Работа воображения тесно связана не только с представленческой стороной переживаний, но и с их эмоциональной стороной (чувствами). Чувства заключают в себе определённый энергетический заряд, они выполняют побудительную функцию, ищут своего продолжения в действиях. Естественным выходом для энергии чувства является выражение. В реальной жизни чувство может выразиться в волевом действии, в поступке. В искусстве активность воли заторможена и чувство разряжается в образах фантазии. Не-тождественность чувства и его выражения, а также тот факт, что непосредственно мы воспринимаем только выражение, рождает проблему символа, символизации в искусстве. Художестенный символ есть для нас обозначение стоящего за ним переживания, испытанного художником. Символ нуждается в активной, творческой интерпретации со стороны реципиента.

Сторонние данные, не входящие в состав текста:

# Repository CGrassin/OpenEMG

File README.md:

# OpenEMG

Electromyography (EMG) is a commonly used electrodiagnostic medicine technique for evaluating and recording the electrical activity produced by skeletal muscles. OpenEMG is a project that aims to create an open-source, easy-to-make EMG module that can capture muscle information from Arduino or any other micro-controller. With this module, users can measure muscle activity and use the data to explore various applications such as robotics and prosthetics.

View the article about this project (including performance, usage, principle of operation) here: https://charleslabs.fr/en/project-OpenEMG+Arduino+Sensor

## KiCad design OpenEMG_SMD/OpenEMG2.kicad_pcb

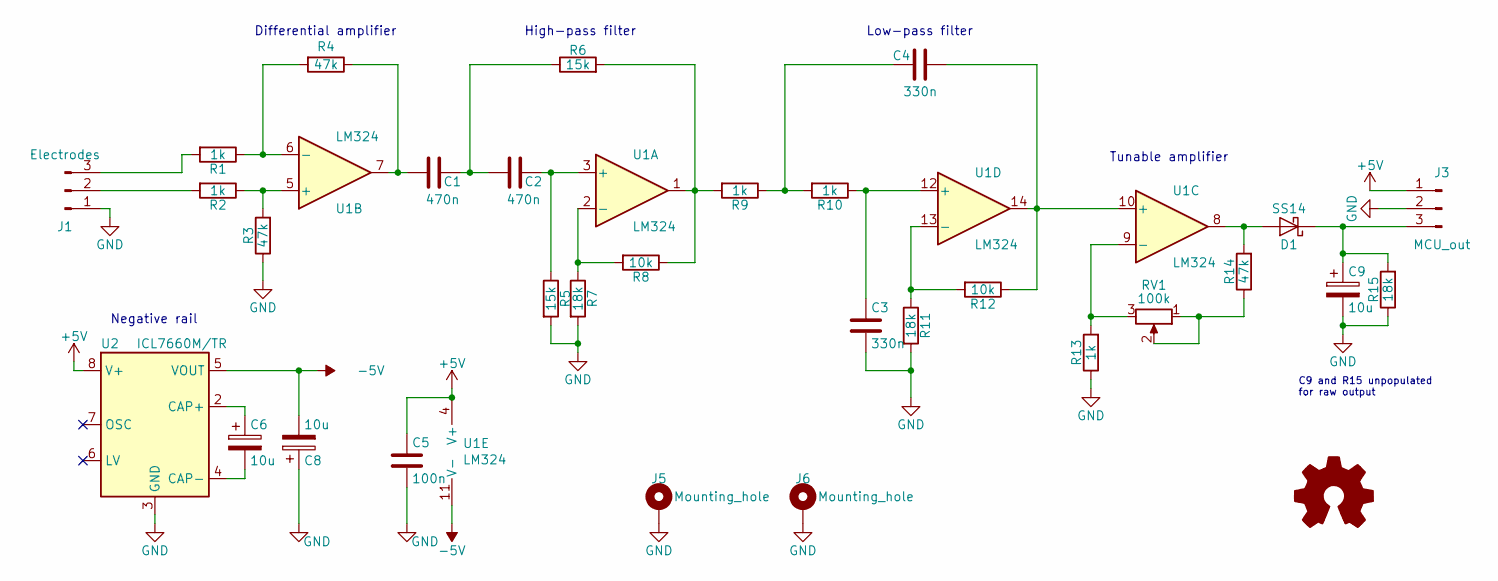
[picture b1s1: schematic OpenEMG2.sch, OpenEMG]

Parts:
C1, C2: 470n; C_0805_2012Metric
C3, C4: 330n; C_0805_2012Metric
C5: 100n; C_0805_2012Metric
C6, C8, C9: 10u; CP_Elec_6.3x4.5
D1: SS14; D_SMA
J1: Electrodes; PinHeader_1x03_P2.54mm_Vertical
J3: MCU_out; PinHeader_1x03_P2.54mm_Vertical
J5, J6: Mounting_hole; MountingHole_2.2mm_M2_DIN965_Pad
LOGO1: logo
R1, R2, R9, R10, R13: 1k; R_0805_2012Metric
R3, R4, R14: 47k; R_0805_2012Metric
R5, R6: 15k; R_0805_2012Metric
R7, R11, R15: 18k; R_0805_2012Metric
R8, R12: 10k; R_0805_2012Metric
RV1: 100k; Potentiometer_Bourns_TC33X_Vertical
U1: LM324; SOIC-14_3.9x8.7mm_P1.27mm
U2: ICL7660M/TR; SOP-8_3.76x4.96mm_P1.27mm

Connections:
+5V: C5.1, J3.1, U1.4 (V+), U2.8 (V+)
-5V: C8.2, U1.11 (V-), U2.5 (VOUT)
GND: C3.2, C5.2, C8.1, C9.2, J1.1, J3.2, J5.1, J6.1, R3.1, R5.2, R7.2, R11.2, R13.1, R15.1, U2.3 (GND)
unnamed: C1.1, C2.2, R6.1
unnamed: C1.2, R4.1, U1.7
unnamed: C2.1, R5.1, U1.3 (+)
unnamed: C3.1, R10.1, U1.12 (+)
unnamed: C4.1, R9.1, R10.2
unnamed: C4.2, R12.1, U1.10 (+), U1.14
unnamed: C6.1, U2.2 (CAP+)
unnamed: C6.2, U2.4 (CAP-)
unnamed: C9.1, D1.1 (K), J3.3, R15.2
unnamed: D1.2 (A), R14.2, U1.8
unnamed: J1.2, R2.2
unnamed: J1.3, R1.2
unnamed: R1.1, R4.2, U1.6 (-)
unnamed: R2.1, R3.2, U1.5 (+)
unnamed: R6.2, R8.1, R9.2, U1.1
unnamed: R7.1, R8.2, U1.2 (-)
unnamed: R11.1, R12.2, U1.13 (-)
unnamed: R13.2, RV1.3, U1.9 (-)
unnamed: R14.1, RV1.1, RV1.2

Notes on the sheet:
Differential amplifier
Tunable amplifier
High-pass filter
Low-pass filter
Negative rail
C9 and R15 unpopulated for raw output

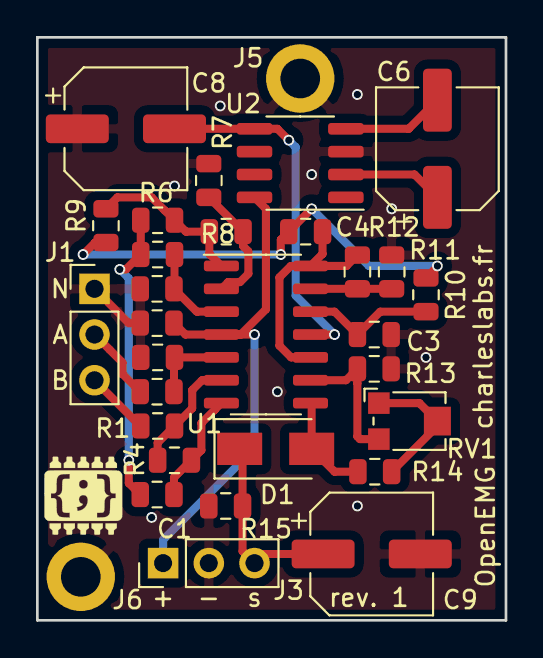
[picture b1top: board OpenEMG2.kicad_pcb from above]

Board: 2 copper layers, 26.0 x 32.4 mm, 32 parts (0 on the bottom side), 22 nets.

В связи с анализом художественного воображения Дильтей не раз обращается к такому важному его аспекту, как «вчувствование» в воспринимаемый объект, «одушевление» неодушевленного (на языке современной науки – эмпатия). Для поэта, художника вся природа – одушевлена. «Наконец, в поэте может иметь место и своего рода раскол личности, самости, преобразование его в иную личность»[8]. Без развитой эмпатической способности невозможно также полноценное эстетическое восприятие.

Анализируя творческую способность художника, Дильтей обращает внимание на то, что она часто граничит с такими психическими состояниями, как сон, гипноз и даже безумие. Сходство или родство проявляется здесь, в частности, в такой силе художественного воображения, которая превращает фантомы почти что в подлинную, осязаемую реальность для их творца. Одушевляющее вчувствование (эмпатия) может доходить до утраты художником своего Я. Словом, грань между высшей степенью художественной одарённости и патологией при определённых условиях может оказаться стёртой.

Для объяснения творческой деятельности художника («гения») Дильтей привлекает достижения таких наук, как социология, история, социальная психология. Общество постоянно изменяется, развивается; соответственно, изменяются и общественные настроения, чувства людей, эстетические вкусы. Устойчивые социально-психологические комплексы образуют «дух эпохи». Его-то и призван прочувствовать, пережить и выразить в образах творческой фантазии настоящий художник. Кстати, «дух эпохи» у Дильтея не существует отдельно от «гения». Именно благодаря последнему он конституируется и получает своё адекватное выражение. Художник активно участвует в формировании идеала человека, характерного для данного общества.